DATA: Begin

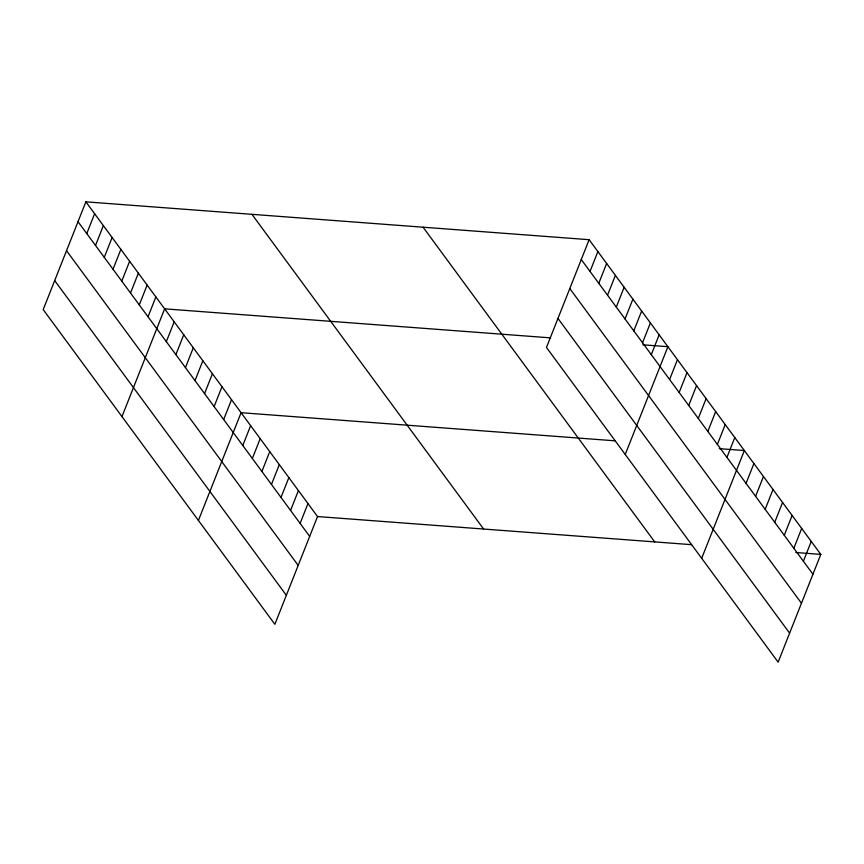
<?xml version="1.0" encoding="UTF-8"?>
<svg xmlns="http://www.w3.org/2000/svg" width="864" height="864" viewBox="0 0 864 864"><rect width="100%" height="100%" fill="white"/><g stroke="black" fill="none" stroke-linecap="round" stroke-linejoin="round"><path stroke-width="1.3" d="M85.871 201.841L43.2 309.604L274.871 624.305L317.531 516.542L85.871 201.841L589.129 239.695L820.8 554.396L778.129 662.159L546.469 347.458L589.129 239.695M86.767 233.572L94.619 213.732M95.515 245.462L103.367 225.623M104.263 257.342L112.126 237.514M113.022 269.233L120.874 249.394M121.77 281.124L129.622 261.284M130.518 293.015L138.38 273.175M139.277 304.906L147.128 285.066M148.025 316.796L155.876 296.957M121.964 416.61L164.635 308.837L550.595 337.867M166.331 341.658L174.193 321.818M175.889 354.64L183.74 334.8M185.447 367.621L193.298 347.782M195.005 380.603L202.856 360.763M204.563 393.584L212.414 373.745M214.121 406.566L221.972 386.726M223.668 419.548L231.53 399.708M198.418 520.452L241.078 412.69L615.179 440.824M242.784 445.511L250.636 425.671M252.342 458.492L260.194 438.653M261.9 471.474L269.752 451.634M271.458 484.456L279.31 464.616M281.005 497.437L288.868 477.598M290.563 510.419L298.415 490.579M300.121 523.4L307.973 503.561M590.036 271.415L597.888 251.586M598.784 283.306L606.636 263.466M607.532 295.196L615.395 275.357M616.291 307.087L624.143 287.248M625.039 318.978L632.891 299.138M633.787 330.858L641.65 311.029M642.546 342.749L650.398 322.909M651.294 354.64L659.146 334.8M625.234 454.453L667.904 346.691L642.859 344.812M669.6 379.512L677.452 359.672M679.158 392.494L687.01 372.654M688.716 405.475L696.568 385.636M698.274 418.457L706.126 398.617M707.832 431.438L715.684 411.599M717.379 444.42L725.242 424.58M726.937 457.402L734.789 437.562M701.687 558.306L744.347 450.544L719.302 448.654M746.053 483.365L753.905 463.525M755.611 496.346L763.463 476.507M765.169 509.328L773.021 489.488M774.716 522.31L782.579 502.47M784.274 535.291L792.126 515.452M793.832 548.273L801.684 528.433M803.39 561.254L811.242 541.415M317.531 516.542L691.632 544.676M795.755 552.506L820.8 554.396M581.278 259.535L812.948 574.225M569.786 288.544L801.457 603.245M557.96 318.438L789.62 633.139M423.058 227.2L654.718 541.901M251.942 214.337L483.613 529.038M78.008 221.681L309.679 536.382M66.528 250.7L298.188 565.402M54.691 280.595L286.351 595.296"/></g></svg>
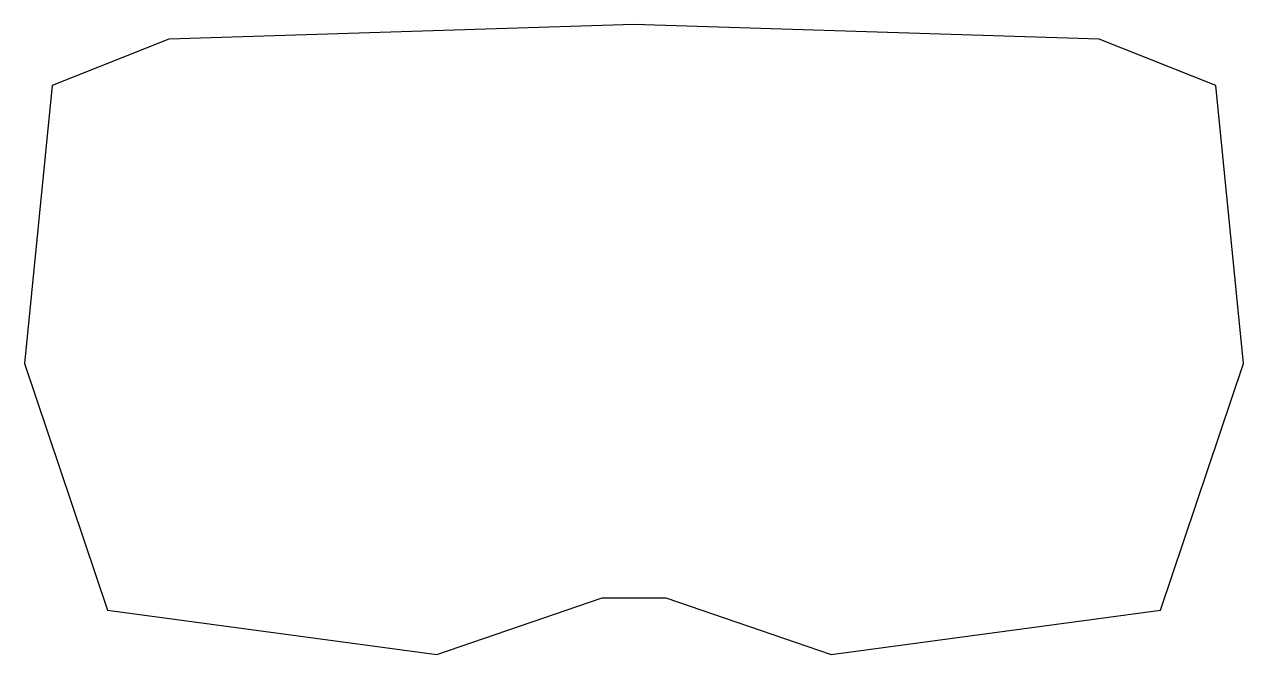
# Model space of a CAD drawing. Header units: millimetres. Extents: x 83 to 376, y -232 to -80.
import ezdxf

# ---------------------------------------------------------------- set-up
doc = ezdxf.new("R2010")
doc.units = ezdxf.units.MM

msp = doc.modelspace()

# ---------------------------------------------------------------- linework, layer by layer
for p, q in [((229.69, -80.38), (117.86, -83.94)), ((341.53, -83.94), (229.69, -80.38)), ((117.86, -83.94), (89.86, -95.05)), ((369.53, -95.05), (341.53, -83.94)), ((89.86, -95.05), (83.15, -161.9)), ((376.24, -161.9), (369.53, -95.05)), ((83.15, -161.9), (103.14, -221.28)), ((356.25, -221.28), (376.24, -161.9)), ((182.29, -231.95), (222.01, -218.28)), ((222.01, -218.28), (237.38, -218.28)), ((237.38, -218.28), (277.1, -231.95)), ((103.14, -221.28), (182.29, -231.95)), ((277.1, -231.95), (356.25, -221.28))]:
    msp.add_line(p, q)

doc.saveas('drawing.dxf')
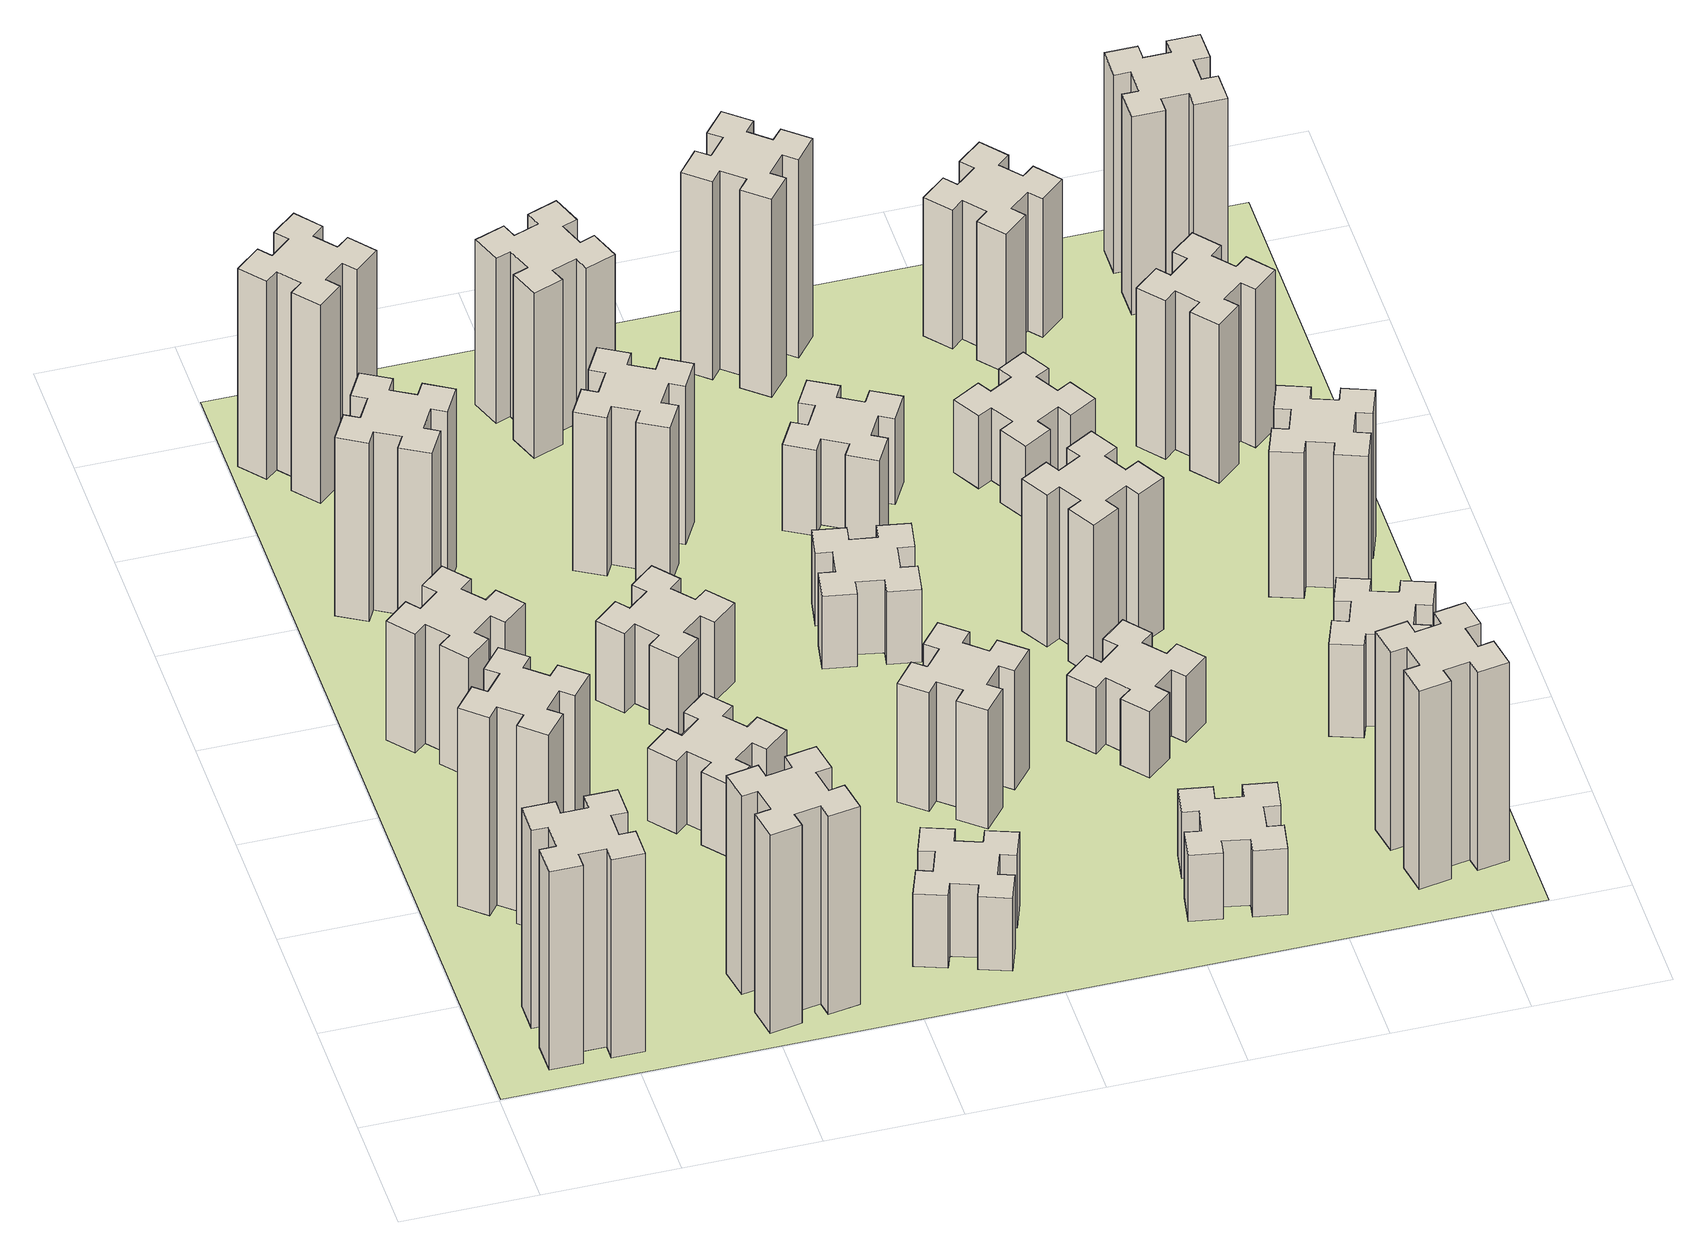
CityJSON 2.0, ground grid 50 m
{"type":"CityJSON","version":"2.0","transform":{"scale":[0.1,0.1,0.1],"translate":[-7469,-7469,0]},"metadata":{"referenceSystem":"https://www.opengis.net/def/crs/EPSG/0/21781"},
"CityObjects":{
"building1":{"type":"Building","attributes":{"class":"1000","function":"1000","usage":"1000","yearOfConstruction":2016,"roofType":"1000","measuredHeight":90,"storeysAboveGround":30,"storeysBelowGround":0},"geometry":[{"type":"Solid","lod":"1","boundaries":[[[[0,1,2,3,4,5,6,7,8,9,10,11,12,13,14,15,16,17,18,19]],[[17,16,20,21]],[[16,15,22,20]],[[15,14,23,22]],[[14,13,24,23]],[[13,12,25,24]],[[12,11,26,25]],[[11,10,27,26]],[[10,9,28,27]],[[9,8,29,28]],[[8,7,30,29]],[[7,6,31,30]],[[6,5,32,31]],[[5,4,33,32]],[[4,3,34,33]],[[3,2,35,34]],[[2,1,36,35]],[[1,0,37,36]],[[0,19,38,37]],[[19,18,39,38]],[[18,17,21,39]],[[24,25,26,27,28,29,30,31,32,33,34,35,36,37,38,39,21,20,22,23]]]]}]},
"building2":{"type":"Building","attributes":{"class":"1000","function":"1000","usage":"1000","yearOfConstruction":2016,"roofType":"1000","measuredHeight":90,"storeysAboveGround":30,"storeysBelowGround":0},"geometry":[{"type":"Solid","lod":"1","boundaries":[[[[40,41,42,43,44,45,46,47,48,49,50,51,52,53,54,55,56,57,58,59]],[[57,56,60,61]],[[56,55,62,60]],[[55,54,63,62]],[[54,53,64,63]],[[53,52,65,64]],[[52,51,66,65]],[[51,50,67,66]],[[50,49,68,67]],[[49,48,69,68]],[[48,47,70,69]],[[47,46,71,70]],[[46,45,72,71]],[[45,44,73,72]],[[44,43,74,73]],[[43,42,75,74]],[[42,41,76,75]],[[41,40,77,76]],[[40,59,78,77]],[[59,58,79,78]],[[58,57,61,79]],[[64,65,66,67,68,69,70,71,72,73,74,75,76,77,78,79,61,60,62,63]]]]}]},
"building3":{"type":"Building","attributes":{"class":"1000","function":"1000","usage":"1000","yearOfConstruction":2016,"roofType":"1000","measuredHeight":54,"storeysAboveGround":30,"storeysBelowGround":0},"geometry":[{"type":"Solid","lod":"1","boundaries":[[[[80,81,82,83,84,85,86,87,88,89,90,91,92,93,94,95,96,97,98,99]],[[97,96,100,101]],[[96,95,102,100]],[[95,94,103,102]],[[94,93,104,103]],[[93,92,105,104]],[[92,91,106,105]],[[91,90,107,106]],[[90,89,108,107]],[[89,88,109,108]],[[88,87,110,109]],[[87,86,111,110]],[[86,85,112,111]],[[85,84,113,112]],[[84,83,114,113]],[[83,82,115,114]],[[82,81,116,115]],[[81,80,117,116]],[[80,99,118,117]],[[99,98,119,118]],[[98,97,101,119]],[[104,105,106,107,108,109,110,111,112,113,114,115,116,117,118,119,101,100,102,103]]]]}]},
"building4":{"type":"Building","attributes":{"class":"1000","function":"1000","usage":"1000","yearOfConstruction":2016,"roofType":"1000","measuredHeight":81,"storeysAboveGround":30,"storeysBelowGround":0},"geometry":[{"type":"Solid","lod":"1","boundaries":[[[[120,121,122,123,124,125,126,127,128,129,130,131,132,133,134,135,136,137,138,139]],[[137,136,140,141]],[[136,135,142,140]],[[135,134,143,142]],[[134,133,144,143]],[[133,132,145,144]],[[132,131,146,145]],[[131,130,147,146]],[[130,129,148,147]],[[129,128,149,148]],[[128,127,150,149]],[[127,126,151,150]],[[126,125,152,151]],[[125,124,153,152]],[[124,123,154,153]],[[123,122,155,154]],[[122,121,156,155]],[[121,120,157,156]],[[120,139,158,157]],[[139,138,159,158]],[[138,137,141,159]],[[144,145,146,147,148,149,150,151,152,153,154,155,156,157,158,159,141,140,142,143]]]]}]},
"building5":{"type":"Building","attributes":{"class":"1000","function":"1000","usage":"1000","yearOfConstruction":2016,"roofType":"1000","measuredHeight":90,"storeysAboveGround":30,"storeysBelowGround":0},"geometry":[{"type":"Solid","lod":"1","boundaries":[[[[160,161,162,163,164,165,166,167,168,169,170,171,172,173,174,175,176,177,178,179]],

DATA: End

### TASK REQUIREMENTS
Using the records above, report each line that contains the word "ezdxf" by copying it.

### SOLUTION TO THIS EXERCISE
import ezdxf
doc = ezdxf.new("R2010")
doc.units = ezdxf.units.MM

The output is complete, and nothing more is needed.